(Material shown)

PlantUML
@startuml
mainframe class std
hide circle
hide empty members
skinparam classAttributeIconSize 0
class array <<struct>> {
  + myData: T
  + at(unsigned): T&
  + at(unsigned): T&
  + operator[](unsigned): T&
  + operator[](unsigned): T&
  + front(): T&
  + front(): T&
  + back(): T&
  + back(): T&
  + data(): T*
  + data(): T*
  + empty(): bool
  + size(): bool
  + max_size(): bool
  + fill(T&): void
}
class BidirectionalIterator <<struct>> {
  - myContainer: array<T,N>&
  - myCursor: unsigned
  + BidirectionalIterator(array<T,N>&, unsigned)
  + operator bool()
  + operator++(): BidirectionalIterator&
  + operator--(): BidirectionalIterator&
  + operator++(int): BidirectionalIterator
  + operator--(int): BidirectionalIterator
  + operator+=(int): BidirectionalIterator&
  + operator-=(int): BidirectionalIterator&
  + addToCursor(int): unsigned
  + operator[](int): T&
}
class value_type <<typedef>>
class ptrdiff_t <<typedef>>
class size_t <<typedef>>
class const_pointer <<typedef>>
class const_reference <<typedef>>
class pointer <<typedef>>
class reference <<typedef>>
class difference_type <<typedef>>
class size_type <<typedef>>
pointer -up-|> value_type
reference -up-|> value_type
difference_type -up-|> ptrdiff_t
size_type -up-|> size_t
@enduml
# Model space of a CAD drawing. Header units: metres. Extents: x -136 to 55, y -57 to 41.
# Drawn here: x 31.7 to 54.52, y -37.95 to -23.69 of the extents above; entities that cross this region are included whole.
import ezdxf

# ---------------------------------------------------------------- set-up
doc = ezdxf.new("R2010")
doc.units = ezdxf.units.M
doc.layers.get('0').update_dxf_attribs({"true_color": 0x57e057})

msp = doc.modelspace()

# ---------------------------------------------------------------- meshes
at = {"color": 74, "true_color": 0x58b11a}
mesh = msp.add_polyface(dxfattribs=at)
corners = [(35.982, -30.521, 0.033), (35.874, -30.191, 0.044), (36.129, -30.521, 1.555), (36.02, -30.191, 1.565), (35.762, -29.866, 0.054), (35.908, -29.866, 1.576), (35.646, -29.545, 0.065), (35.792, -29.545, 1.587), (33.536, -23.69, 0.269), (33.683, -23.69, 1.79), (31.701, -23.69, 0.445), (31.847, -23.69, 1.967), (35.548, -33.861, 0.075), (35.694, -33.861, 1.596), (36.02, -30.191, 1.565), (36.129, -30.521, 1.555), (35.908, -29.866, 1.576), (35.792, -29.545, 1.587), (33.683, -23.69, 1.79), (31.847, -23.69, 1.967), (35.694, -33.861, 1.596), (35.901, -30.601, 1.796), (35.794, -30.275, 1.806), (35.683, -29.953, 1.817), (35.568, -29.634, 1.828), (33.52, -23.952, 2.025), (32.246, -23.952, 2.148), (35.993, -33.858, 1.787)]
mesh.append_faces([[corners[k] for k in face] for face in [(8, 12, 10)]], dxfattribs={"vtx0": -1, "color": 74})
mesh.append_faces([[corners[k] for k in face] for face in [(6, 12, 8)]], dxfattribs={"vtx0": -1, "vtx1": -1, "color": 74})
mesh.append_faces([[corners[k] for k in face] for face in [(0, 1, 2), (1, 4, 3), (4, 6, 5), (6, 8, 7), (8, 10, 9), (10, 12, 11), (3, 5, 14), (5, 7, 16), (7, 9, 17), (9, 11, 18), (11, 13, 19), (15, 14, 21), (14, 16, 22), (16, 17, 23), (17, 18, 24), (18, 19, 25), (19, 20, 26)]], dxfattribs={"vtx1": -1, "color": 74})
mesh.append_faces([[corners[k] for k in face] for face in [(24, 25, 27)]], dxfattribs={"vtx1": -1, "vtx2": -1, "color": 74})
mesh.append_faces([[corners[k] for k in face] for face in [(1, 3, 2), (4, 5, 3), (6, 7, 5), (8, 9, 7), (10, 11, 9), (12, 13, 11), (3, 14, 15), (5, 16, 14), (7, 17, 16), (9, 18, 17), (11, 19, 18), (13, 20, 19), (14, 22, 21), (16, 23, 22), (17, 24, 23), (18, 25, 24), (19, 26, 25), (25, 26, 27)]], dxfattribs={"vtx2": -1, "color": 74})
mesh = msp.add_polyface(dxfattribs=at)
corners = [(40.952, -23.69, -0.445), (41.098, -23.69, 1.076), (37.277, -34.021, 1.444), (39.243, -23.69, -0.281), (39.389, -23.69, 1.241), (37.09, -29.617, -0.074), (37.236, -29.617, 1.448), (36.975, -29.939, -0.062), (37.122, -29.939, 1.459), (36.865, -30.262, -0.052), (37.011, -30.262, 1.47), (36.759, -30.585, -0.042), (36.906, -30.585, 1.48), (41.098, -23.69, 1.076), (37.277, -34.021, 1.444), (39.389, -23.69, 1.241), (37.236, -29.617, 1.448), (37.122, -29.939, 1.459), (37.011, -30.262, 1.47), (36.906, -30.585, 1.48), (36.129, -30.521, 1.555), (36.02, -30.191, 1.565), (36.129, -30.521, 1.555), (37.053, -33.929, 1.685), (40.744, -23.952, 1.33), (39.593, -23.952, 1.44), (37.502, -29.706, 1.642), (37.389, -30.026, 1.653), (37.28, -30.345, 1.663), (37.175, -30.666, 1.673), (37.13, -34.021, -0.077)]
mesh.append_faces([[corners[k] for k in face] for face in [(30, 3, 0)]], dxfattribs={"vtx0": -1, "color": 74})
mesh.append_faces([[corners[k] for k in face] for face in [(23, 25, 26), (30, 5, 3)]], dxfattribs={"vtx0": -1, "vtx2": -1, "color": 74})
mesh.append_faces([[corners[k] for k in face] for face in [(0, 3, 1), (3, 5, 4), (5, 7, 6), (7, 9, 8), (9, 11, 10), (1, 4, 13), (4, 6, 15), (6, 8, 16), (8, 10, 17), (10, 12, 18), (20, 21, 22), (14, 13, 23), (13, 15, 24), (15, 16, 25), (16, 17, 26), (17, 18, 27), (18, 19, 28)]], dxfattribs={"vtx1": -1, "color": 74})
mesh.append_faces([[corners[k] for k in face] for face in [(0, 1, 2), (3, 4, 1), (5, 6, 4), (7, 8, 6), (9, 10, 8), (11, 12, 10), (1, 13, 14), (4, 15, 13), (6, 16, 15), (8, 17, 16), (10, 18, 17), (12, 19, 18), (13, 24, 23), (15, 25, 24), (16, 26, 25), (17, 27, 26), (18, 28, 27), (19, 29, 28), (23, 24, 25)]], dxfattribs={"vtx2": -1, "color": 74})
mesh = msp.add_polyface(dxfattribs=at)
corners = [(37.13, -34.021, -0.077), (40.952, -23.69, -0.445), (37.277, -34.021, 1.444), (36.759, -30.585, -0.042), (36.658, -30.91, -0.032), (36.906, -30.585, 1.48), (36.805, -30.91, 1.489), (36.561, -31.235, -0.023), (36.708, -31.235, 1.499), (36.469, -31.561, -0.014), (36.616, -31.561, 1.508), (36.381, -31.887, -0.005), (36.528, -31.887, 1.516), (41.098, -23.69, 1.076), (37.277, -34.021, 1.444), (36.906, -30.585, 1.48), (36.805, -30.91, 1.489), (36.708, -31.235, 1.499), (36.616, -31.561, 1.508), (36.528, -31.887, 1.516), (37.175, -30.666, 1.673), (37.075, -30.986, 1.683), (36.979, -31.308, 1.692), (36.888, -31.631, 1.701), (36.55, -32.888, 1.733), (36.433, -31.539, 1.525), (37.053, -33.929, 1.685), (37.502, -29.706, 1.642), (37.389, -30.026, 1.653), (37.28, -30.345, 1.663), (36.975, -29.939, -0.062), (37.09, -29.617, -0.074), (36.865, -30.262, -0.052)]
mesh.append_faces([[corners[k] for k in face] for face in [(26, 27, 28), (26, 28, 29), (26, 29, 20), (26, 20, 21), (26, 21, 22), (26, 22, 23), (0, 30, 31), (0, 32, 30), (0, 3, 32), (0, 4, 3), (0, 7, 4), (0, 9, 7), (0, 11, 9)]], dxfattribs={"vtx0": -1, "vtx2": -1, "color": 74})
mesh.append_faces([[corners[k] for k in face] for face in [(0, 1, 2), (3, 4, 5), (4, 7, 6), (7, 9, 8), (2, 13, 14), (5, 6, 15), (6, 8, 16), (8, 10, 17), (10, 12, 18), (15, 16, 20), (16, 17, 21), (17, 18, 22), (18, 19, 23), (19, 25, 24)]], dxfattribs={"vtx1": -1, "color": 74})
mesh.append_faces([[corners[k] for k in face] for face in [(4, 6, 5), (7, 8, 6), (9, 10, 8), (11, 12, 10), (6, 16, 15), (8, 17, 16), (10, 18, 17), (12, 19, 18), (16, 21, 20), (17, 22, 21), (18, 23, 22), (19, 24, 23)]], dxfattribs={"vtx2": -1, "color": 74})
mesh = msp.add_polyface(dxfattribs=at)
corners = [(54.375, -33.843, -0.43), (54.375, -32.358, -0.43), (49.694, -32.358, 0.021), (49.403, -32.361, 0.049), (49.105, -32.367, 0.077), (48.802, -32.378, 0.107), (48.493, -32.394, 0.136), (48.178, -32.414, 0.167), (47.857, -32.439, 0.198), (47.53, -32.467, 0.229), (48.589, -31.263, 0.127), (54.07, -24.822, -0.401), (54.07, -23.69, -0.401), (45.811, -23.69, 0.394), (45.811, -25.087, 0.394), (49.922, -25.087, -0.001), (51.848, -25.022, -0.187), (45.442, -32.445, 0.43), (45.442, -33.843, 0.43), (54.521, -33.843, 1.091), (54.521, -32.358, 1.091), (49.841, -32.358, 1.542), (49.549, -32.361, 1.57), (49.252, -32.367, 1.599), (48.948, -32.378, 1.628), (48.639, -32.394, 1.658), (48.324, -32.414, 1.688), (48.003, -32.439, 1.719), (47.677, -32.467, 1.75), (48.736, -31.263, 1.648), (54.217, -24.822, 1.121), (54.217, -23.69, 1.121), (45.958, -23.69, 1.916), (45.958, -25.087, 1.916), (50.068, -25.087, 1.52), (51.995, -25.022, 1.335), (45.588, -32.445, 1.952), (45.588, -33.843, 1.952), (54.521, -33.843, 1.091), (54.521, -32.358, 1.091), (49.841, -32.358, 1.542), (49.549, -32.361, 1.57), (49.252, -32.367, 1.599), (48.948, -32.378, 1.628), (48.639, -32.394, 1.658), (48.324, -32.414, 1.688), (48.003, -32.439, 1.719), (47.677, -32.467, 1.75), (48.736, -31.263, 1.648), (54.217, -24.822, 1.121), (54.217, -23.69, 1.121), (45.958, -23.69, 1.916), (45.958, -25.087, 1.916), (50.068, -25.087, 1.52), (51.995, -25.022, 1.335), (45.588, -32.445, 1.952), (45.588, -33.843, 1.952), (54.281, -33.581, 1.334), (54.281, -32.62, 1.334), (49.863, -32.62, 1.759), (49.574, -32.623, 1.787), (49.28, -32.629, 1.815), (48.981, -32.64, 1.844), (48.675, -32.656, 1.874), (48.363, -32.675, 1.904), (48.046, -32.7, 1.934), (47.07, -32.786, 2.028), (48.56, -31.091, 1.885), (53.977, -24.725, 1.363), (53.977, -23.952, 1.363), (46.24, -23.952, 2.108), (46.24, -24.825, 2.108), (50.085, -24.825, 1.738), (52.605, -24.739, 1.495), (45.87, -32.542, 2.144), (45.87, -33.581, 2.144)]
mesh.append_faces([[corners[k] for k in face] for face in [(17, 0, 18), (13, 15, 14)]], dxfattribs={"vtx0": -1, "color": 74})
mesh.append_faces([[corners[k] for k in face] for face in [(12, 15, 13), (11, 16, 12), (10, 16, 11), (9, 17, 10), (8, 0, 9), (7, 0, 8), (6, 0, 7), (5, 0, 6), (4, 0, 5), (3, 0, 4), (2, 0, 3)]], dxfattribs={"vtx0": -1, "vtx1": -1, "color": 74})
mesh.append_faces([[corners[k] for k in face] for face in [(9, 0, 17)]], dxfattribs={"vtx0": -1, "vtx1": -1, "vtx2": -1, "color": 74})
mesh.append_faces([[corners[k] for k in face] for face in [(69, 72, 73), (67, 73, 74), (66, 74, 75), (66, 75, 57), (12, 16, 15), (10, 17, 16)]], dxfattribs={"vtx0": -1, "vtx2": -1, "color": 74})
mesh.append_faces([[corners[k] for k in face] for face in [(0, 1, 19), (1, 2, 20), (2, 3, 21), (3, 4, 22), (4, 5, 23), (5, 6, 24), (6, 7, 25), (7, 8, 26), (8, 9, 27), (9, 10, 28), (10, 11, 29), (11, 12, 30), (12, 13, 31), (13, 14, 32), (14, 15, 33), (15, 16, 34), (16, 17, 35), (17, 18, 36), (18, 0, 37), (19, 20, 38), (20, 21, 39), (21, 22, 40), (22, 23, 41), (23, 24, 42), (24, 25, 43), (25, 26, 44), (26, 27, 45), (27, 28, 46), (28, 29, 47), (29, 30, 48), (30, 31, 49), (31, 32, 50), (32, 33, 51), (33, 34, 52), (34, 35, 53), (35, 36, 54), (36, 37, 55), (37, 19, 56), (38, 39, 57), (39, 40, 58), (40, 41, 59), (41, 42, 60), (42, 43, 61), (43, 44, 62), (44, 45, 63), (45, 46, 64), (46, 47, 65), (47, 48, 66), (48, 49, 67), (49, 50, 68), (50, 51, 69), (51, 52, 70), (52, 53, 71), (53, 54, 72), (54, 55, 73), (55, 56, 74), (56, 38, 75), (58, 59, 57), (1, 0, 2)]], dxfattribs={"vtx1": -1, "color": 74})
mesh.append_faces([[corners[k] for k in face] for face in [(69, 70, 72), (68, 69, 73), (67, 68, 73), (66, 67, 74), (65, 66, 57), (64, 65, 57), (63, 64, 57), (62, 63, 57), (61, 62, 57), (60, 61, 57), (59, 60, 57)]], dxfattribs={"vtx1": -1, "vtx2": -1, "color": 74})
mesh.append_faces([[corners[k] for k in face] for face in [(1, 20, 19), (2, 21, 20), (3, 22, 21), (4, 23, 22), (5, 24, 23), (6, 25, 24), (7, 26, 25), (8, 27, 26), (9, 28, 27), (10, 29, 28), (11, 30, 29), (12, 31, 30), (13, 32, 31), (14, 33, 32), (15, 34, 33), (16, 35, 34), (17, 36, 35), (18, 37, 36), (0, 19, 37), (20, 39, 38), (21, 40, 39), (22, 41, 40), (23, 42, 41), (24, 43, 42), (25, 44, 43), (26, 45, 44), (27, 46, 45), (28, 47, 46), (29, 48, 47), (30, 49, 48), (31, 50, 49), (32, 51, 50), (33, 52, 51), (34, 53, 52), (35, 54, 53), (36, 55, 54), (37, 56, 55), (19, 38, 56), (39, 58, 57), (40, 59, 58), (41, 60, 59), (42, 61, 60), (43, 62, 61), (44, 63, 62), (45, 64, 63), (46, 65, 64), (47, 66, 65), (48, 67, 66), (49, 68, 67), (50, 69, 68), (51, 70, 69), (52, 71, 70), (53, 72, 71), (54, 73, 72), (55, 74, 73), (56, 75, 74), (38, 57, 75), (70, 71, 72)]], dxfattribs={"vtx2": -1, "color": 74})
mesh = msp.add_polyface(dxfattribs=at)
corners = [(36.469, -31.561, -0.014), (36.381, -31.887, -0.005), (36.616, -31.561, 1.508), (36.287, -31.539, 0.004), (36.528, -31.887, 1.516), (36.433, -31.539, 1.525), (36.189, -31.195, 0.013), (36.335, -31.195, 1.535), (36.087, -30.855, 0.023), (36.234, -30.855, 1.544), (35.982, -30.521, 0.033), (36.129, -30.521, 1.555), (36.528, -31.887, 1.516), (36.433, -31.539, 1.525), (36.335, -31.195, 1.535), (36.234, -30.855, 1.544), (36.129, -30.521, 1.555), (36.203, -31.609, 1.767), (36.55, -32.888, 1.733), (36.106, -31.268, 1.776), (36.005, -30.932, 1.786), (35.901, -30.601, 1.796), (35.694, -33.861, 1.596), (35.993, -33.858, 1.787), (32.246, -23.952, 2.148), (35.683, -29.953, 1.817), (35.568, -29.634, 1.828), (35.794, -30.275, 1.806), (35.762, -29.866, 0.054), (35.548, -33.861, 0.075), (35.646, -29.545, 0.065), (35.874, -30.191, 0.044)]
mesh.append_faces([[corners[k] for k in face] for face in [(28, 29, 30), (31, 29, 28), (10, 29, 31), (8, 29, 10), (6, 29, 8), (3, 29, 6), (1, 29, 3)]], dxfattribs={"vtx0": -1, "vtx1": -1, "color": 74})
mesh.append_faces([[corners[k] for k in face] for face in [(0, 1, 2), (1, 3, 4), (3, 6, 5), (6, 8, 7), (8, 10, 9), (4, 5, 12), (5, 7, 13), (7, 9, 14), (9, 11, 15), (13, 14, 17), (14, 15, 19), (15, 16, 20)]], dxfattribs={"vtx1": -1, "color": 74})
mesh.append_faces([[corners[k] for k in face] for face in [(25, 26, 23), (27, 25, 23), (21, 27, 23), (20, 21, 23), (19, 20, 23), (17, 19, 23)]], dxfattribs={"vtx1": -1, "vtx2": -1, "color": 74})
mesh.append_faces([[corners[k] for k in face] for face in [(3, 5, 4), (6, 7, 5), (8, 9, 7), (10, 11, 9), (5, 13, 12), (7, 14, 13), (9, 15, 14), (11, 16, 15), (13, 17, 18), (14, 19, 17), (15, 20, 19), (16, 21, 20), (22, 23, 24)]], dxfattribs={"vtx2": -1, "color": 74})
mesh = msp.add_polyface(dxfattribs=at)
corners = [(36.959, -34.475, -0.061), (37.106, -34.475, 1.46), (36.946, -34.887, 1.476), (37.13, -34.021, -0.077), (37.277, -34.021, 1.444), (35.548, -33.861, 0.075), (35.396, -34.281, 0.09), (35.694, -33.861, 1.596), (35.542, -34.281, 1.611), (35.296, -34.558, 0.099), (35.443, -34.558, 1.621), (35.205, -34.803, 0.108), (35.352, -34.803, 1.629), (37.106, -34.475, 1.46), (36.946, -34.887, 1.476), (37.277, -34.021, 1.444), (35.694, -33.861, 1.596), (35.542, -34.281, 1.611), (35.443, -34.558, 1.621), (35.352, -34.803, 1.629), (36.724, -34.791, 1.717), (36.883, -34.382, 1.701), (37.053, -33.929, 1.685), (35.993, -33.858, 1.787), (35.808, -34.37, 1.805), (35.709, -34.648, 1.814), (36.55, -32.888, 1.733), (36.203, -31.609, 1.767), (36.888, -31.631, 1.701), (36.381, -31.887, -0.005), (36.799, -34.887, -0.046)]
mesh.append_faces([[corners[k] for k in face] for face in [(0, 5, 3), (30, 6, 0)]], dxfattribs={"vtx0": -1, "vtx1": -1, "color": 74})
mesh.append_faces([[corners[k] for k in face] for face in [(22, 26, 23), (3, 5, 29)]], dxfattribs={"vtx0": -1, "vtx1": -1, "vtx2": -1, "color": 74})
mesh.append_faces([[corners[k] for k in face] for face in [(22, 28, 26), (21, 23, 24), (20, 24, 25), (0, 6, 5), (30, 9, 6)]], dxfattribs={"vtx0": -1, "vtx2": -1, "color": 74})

(End Material shown)

## Work instructions
Lines from the start of the material above through the line containing "difference_type -up-|> ptrdiff_t" are to be duplicated exactly, and only those.

## Exercise result
PlantUML
@startuml
mainframe class std
hide circle
hide empty members
skinparam classAttributeIconSize 0
class array <<struct>> {
  + myData: T
  + at(unsigned): T&
  + at(unsigned): T&
  + operator[](unsigned): T&
  + operator[](unsigned): T&
  + front(): T&
  + front(): T&
  + back(): T&
  + back(): T&
  + data(): T*
  + data(): T*
  + empty(): bool
  + size(): bool
  + max_size(): bool
  + fill(T&): void
}
class BidirectionalIterator <<struct>> {
  - myContainer: array<T,N>&
  - myCursor: unsigned
  + BidirectionalIterator(array<T,N>&, unsigned)
  + operator bool()
  + operator++(): BidirectionalIterator&
  + operator--(): BidirectionalIterator&
  + operator++(int): BidirectionalIterator
  + operator--(int): BidirectionalIterator
  + operator+=(int): BidirectionalIterator&
  + operator-=(int): BidirectionalIterator&
  + addToCursor(int): unsigned
  + operator[](int): T&
}
class value_type <<typedef>>
class ptrdiff_t <<typedef>>
class size_t <<typedef>>
class const_pointer <<typedef>>
class const_reference <<typedef>>
class pointer <<typedef>>
class reference <<typedef>>
class difference_type <<typedef>>
class size_type <<typedef>>
pointer -up-|> value_type
reference -up-|> value_type
difference_type -up-|> ptrdiff_t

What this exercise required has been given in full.